A day after the Martyrs Day celebrations, at least 200 pilgrims were yesterday stranded at the Uganda Martyrs Shrine Namugongo.
The Parish priest and caretaker of the Catholic shrine, the Rev Fr Vincent Lubega, yesterday said despite the small crowd still at the shrine, about 200 pilgrims have been registered to be stranded and will be catered for by different stakeholders.
“We are working together as the parish, episcopal conference and the Archdiocese of Tororo to see that the stranded people get some food and go back to their homes. We have always done this,” Fr Lubega said.
Giving reasons as to why the pilgrims could have been stranded, Fr Lubega said the reasons were beyond lack of money.
“Some of them are mentally unstable, others are not familiar with Kampala City and many genuinely do not have money to take them back home. The reason most of the pilgrims come here is not because they have enough money, but it is because of the growing faith and the need to have a hands-on faith experience. That is why some of them get stranded,” he said.
Ms Sefurosa Mbaziira, 62, from Mubende District, said she could not go back to her home because she does not have money despite her four children working in Kampala.
“I do not have a cellular phone and I cannot get in touch with my children. That is how I am finding myself stuck here. The bus that I came with left me as the struggle for the exit door was too much,” she said.
Twelve-year-old Maurois Tumwine from Kiboga District was left behind by the brother.
Tumwine said he was separated from his brother when soldiers and police blocked people from moving as the President’s convoy headed out of the venue.

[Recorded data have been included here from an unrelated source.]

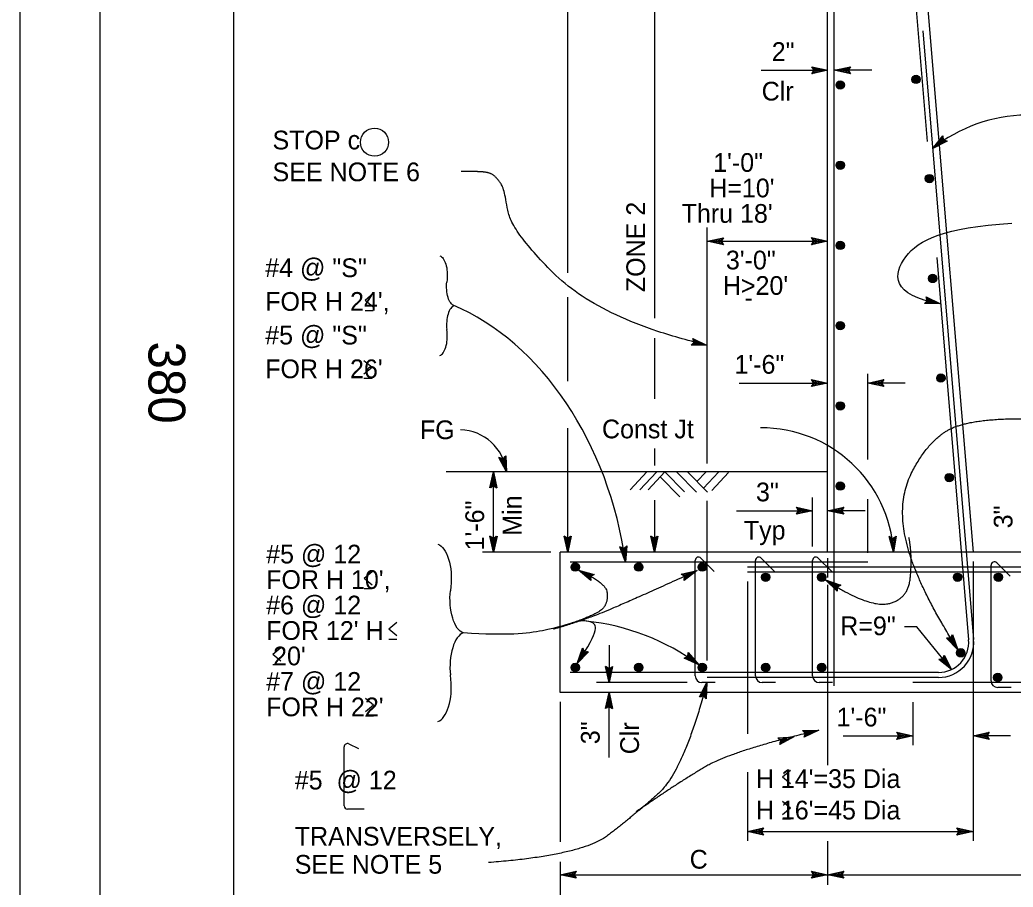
# Model space of a CAD drawing. Extents: x -894 to 866, y -472 to 714.
# Drawn here: x -894 to -522.6, y -64.9 to 259.4 of the extents above; entities that cross this region are included whole.
import ezdxf

# ---------------------------------------------------------------- set-up
doc = ezdxf.new("R2010")
doc.units = 0
for name, color, linetype in [('60 Nongeo Data', 7, 'Continuous'), ('border_PLOTTING-ELEMENTS', 7, 'Continuous'), ('border_rw_22x34_Cut_Lines', 7, 'Continuous'), ('border_SHEET', 7, 'Continuous'), ('border_WITHIN-BORDER-anno', 7, 'Continuous'), ('rd_PROFILE-OG', 7, 'Continuous'), ('str_Concrete-A', 7, 'Continuous'), ('str_Reinforcement-B', 7, 'Continuous'), ('str_Reinforcement-C', 7, 'Continuous'), ('str_Reinforcement-D', 7, 'Continuous'), ('str_Reinforcement-E', 7, 'Continuous'), ('str_Reinforcement-F', 7, 'Continuous'), ('str_Reinforcement-G', 7, 'Continuous'), ('str_Text-A', 7, 'Continuous')]:
    doc.layers.add(name, color=color, linetype=linetype)

# ---------------------------------------------------------------- blocks, each defined once
blk = doc.blocks.new('AHT')
at = {"layer": '60 Nongeo Data'}
blk.add_lwpolyline([(-5.91, 1.32), (0, 0), (-5.91, -1.31), (-5.7, -0.96), (-1.37, 0), (-5.7, 0.97), (-5.49, 0.62), (-2.72, 0), (-5.49, -0.61), (-5.28, -0.26), (-4.08, 0), (-5.28, 0.27), (-5.12, 0), (-5.91, -1.31), (-5.12, 0)], close=True, dxfattribs=at)

msp = doc.modelspace()

# ---------------------------------------------------------------- linework, layer by layer
at = {"layer": 'border_PLOTTING-ELEMENTS'}
for points in [[(-894.04, -472.44), (865.96, -472.44), (865.96, 713.56), (-894.04, 713.56)], [(-864.04, 670.56), (835.96, 670.56), (835.96, -429.44), (-864.04, -429.44)]]:
    msp.add_lwpolyline(points, close=True, dxfattribs=at)
at = {"layer": 'border_rw_22x34_Cut_Lines'}
msp.add_lwpolyline([(-864.04, 670.56), (835.96, 670.56), (835.96, -429.44), (-864.04, -429.44)], close=True, dxfattribs=at)
at = {"layer": 'border_SHEET'}
msp.add_line((-814.04, -404.44), (-814.04, 645.56), dxfattribs=at)
at = {"layer": 'rd_PROFILE-OG'}
for p, q in [((-591.98, 90.4), (-734.57, 90.4)), ((-665.76, 83.74), (-659.53, 90.45)), ((-662.2, 83.64), (-655.98, 90.35)), ((-659.04, 83.74), (-652.81, 90.45)), ((-652.81, 90.45), (-645.49, 82.95)), ((-648.36, 90.25), (-641.04, 82.75)), ((-644.21, 90.25), (-636.89, 82.75)), ((-640.86, 86.82), (-637.58, 90.35)), ((-638.43, 84.33), (-632.84, 90.35)), ((-635.31, 83.44), (-629.08, 90.16)), ((-654.59, 88.58), (-647.27, 81.07))]:
    msp.add_line(p, q, dxfattribs=at)
at = {"layer": 'str_Concrete-A'}
for p, q in [((-591.98, 60.4), (-591.98, 540.4)), ((-577.6, 540.4), (-537.6, 60.4)), ((-389.48, 60.4), (-691.97, 60.4)), ((-691.97, 7.9), (-691.97, 60.4)), ((-505.31, 7.9), (-691.97, 7.9))]:
    msp.add_line(p, q, dxfattribs=at)
at = {"layer": 'str_Reinforcement-B'}
msp.add_line((-567.2, 362.9), (-554.79, 213.98), dxfattribs=at)
at = {"layer": 'str_Reinforcement-C'}
for p, q in [((-556.35, 255.35), (-537.39, 27.74)), ((-551.17, 170.58), (-539.26, 27.58)), ((-550.47, 15.4), (-688.22, 15.4)), ((-550.47, 13.52), (-636.98, 13.52))]:
    msp.add_line(p, q, dxfattribs=at)
for radius in [13.12, 11.25]:
    msp.add_arc((-550.47, 26.65), radius, 270, 4.7636, dxfattribs=at)
at = {"layer": 'str_Reinforcement-D'}
for p, q in [((-589.48, 10.4), (-589.48, 536.65)), ((-393.23, 54.77), (-621.98, 54.77)), ((-393.23, 52.9), (-621.98, 52.9))]:
    msp.add_line(p, q, dxfattribs=at)
at = {"layer": 'str_Reinforcement-E'}
for centre, radius in [((-558.92, 237.18), 1.56), ((-558.92, 237.18), 1.37), ((-558.92, 237.18), 1.19), ((-558.92, 237.18), 1), ((-558.92, 237.18), 0.812), ((-558.92, 237.18), 0.625), ((-587.26, 235.09), 1.56), ((-587.26, 235.09), 1.37), ((-587.26, 235.09), 1.19), ((-587.26, 235.09), 1), ((-587.26, 235.09), 0.812), ((-587.26, 235.09), 0.625), ((-587.26, 235.09), 0.437), ((-587.26, 235.09), 0.187), ((-558.92, 237.18), 0.437), ((-558.92, 237.18), 0.187), ((-587.26, 205.09), 1.56), ((-587.26, 205.09), 1.37), ((-587.26, 205.09), 1.19), ((-587.26, 205.09), 1), ((-587.26, 205.09), 0.812), ((-587.26, 205.09), 0.625), ((-587.26, 205.09), 0.437), ((-587.26, 205.09), 0.187), ((-553.91, 200.11), 1.56), ((-553.91, 200.11), 1.37), ((-553.91, 200.11), 1.19), ((-553.91, 200.11), 1), ((-553.91, 200.11), 0.812), ((-553.91, 200.11), 0.625), ((-553.91, 200.11), 0.437), ((-553.91, 200.11), 0.187), ((-587.26, 175.09), 1.56), ((-587.26, 175.09), 1.37), ((-587.26, 175.09), 1.19), ((-587.26, 175.09), 1), ((-587.26, 175.09), 0.812), ((-587.26, 175.09), 0.625), ((-587.26, 175.09), 0.437), ((-587.26, 175.09), 0.187), ((-552.71, 162.72), 1.56), ((-552.71, 162.72), 1.37), ((-552.71, 162.72), 1.19), ((-552.71, 162.72), 1), ((-552.71, 162.72), 0.812), ((-552.71, 162.72), 0.625), ((-552.71, 162.72), 0.437), ((-552.71, 162.72), 0.187), ((-587.26, 145.09), 1.56), ((-587.26, 145.09), 1.37), ((-587.26, 145.09), 1.19), ((-587.26, 145.09), 1), ((-587.26, 145.09), 0.812), ((-587.26, 145.09), 0.625), ((-587.26, 145.09), 0.437), ((-587.26, 145.09), 0.187), ((-549.61, 125.49), 1.56), ((-549.61, 125.49), 1.37), ((-549.61, 125.49), 1.19), ((-549.61, 125.49), 1), ((-549.61, 125.49), 0.812), ((-549.61, 125.49), 0.625), ((-549.61, 125.49), 0.437), ((-549.61, 125.49), 0.187), ((-587.26, 115.09), 1.56), ((-587.26, 115.09), 1.37), ((-587.26, 115.09), 1.19), ((-587.26, 115.09), 1), ((-587.26, 115.09), 0.812), ((-587.26, 115.09), 0.625), ((-587.26, 115.09), 0.437), ((-587.26, 115.09), 0.187), ((-546.51, 88.26), 1.56), ((-546.51, 88.26), 1.37), ((-546.51, 88.26), 1.19), ((-546.51, 88.26), 1), ((-587.26, 85.09), 1.56), ((-587.26, 85.09), 1.37), ((-587.26, 85.09), 1.19), ((-587.26, 85.09), 1), ((-587.26, 85.09), 0.812), ((-587.26, 85.09), 0.625), ((-587.26, 85.09), 0.437), ((-546.51, 88.26), 0.812), ((-546.51, 88.26), 0.625), ((-546.51, 88.26), 0.437), ((-546.51, 88.26), 0.187), ((-587.26, 85.09), 0.187)]:
    msp.add_circle(centre, radius, dxfattribs=at)
at = {"layer": 'str_Reinforcement-F'}
for p, q in [((-576.98, 56.65), (-688.22, 56.65)), ((-393.23, 11.65), (-560.1, 11.65))]:
    msp.add_line(p, q, dxfattribs=at)
for centre, radius in [((-686.35, 54.77), 1.56), ((-686.35, 54.77), 1.37), ((-686.35, 54.77), 1.19), ((-686.35, 54.77), 1), ((-662.6, 54.77), 1.56), ((-662.6, 54.77), 1.37), ((-662.6, 54.77), 1.19), ((-662.6, 54.77), 1), ((-638.85, 54.77), 1.56), ((-638.85, 54.77), 1.37), ((-638.85, 54.77), 1.19), ((-638.85, 54.77), 1), ((-686.35, 54.77), 0.812), ((-686.35, 54.77), 0.625), ((-686.35, 54.77), 0.437), ((-686.35, 54.77), 0.187), ((-662.6, 54.77), 0.812), ((-662.6, 54.77), 0.625), ((-662.6, 54.77), 0.437), ((-662.6, 54.77), 0.187), ((-638.85, 54.77), 0.812), ((-638.85, 54.77), 0.625), ((-638.85, 54.77), 0.437), ((-638.85, 54.77), 0.187), ((-615.15, 51.02), 1.56), ((-615.15, 51.02), 1.37), ((-615.15, 51.02), 1.19), ((-615.15, 51.02), 1), ((-594.17, 51.02), 1.56), ((-594.17, 51.02), 1.37), ((-594.17, 51.02), 1.19), ((-594.17, 51.02), 1), ((-543.4, 51.02), 1.56), ((-543.4, 51.02), 1.37), ((-543.4, 51.02), 1.19), ((-543.4, 51.02), 1), ((-528.12, 51.02), 1.56), ((-528.12, 51.02), 1.37), ((-528.12, 51.02), 1.19), ((-528.12, 51.02), 1), ((-615.15, 51.02), 0.812), ((-615.15, 51.02), 0.625), ((-615.15, 51.02), 0.437), ((-615.15, 51.02), 0.187), ((-594.17, 51.02), 0.812), ((-594.17, 51.02), 0.625), ((-594.17, 51.02), 0.437), ((-594.17, 51.02), 0.187), ((-543.4, 51.02), 0.812), ((-543.4, 51.02), 0.625), ((-543.4, 51.02), 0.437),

“If only I can access my Kiboga Town or our sub-county, I would be able to get back home. I do not have money on me and I need people to help me,” he said.
Mr Leo Mande, 53, was left by the commuter van he travelled in from Kamuli District at the time of departure.
He does not have any phone contact of the people who were in the vehicle and he is not familiar with Kampala city.
At the Anglican shrine, in Nakiyanja, everyone seemed to have dispersed save for service providers who were clearing their wares and merchandise and the UPDF soldiers who were waiting for the final instructions to leave the location.
Owing to the lack of statistical evidence, the two martyrs shrines are grappling with getting the right figure of the faithful who attended the events at both the Catholic and Anglican venues.
Fr Lubega estimated the total number of pilgrims who attended the event to be about four million people, a figure that has sparked debate in the public given the space available at the shrine.
He said the Catholic shrine sits on 64 acres of land and about one third (21 acres) of the land is occupied by other structures, and the remaining space (43 acres) is where the people sit and stand.
“We cannot get the real figures because other people were standing while others were seated. We had planned for about four million people and by the look of things, we reached the target,” he added.
Asked how many pilgrims they hosted, Rev Esau Bbosa, the assistant Vicar of the Anglican shrine, said they are not sure about the number but they always estimate the number to be about 30,000 because they use the holding capacity of Mandela National Stadium which is bigger than the shrine to estimate the number of visitors.
“We do not have a particular mechanism of registering the visitors, maybe in future because we started thinking seriously about developing this place in 2014 and those could be ideas for our future planning,” he said.
Rev Esau said the budget for organising the celebrations initially was Shs525 million but they had to revise the budget because they realised that most of the organisers were coming from Kinkizi, Muhabura and Kigezi, in western Uganda.
“We had to organise for them meals, provide accommodation. We had to hire public address systems, we needed to ensure that the maintenance was done. We could have spent about Shs1b,” he said.
On June 3, Anglicans and Catholics gather in big numbers at Namugongo to pay tribute to the 45 martyrs who were killed about 133 years ago by Kabaka Mwanga of Buganda.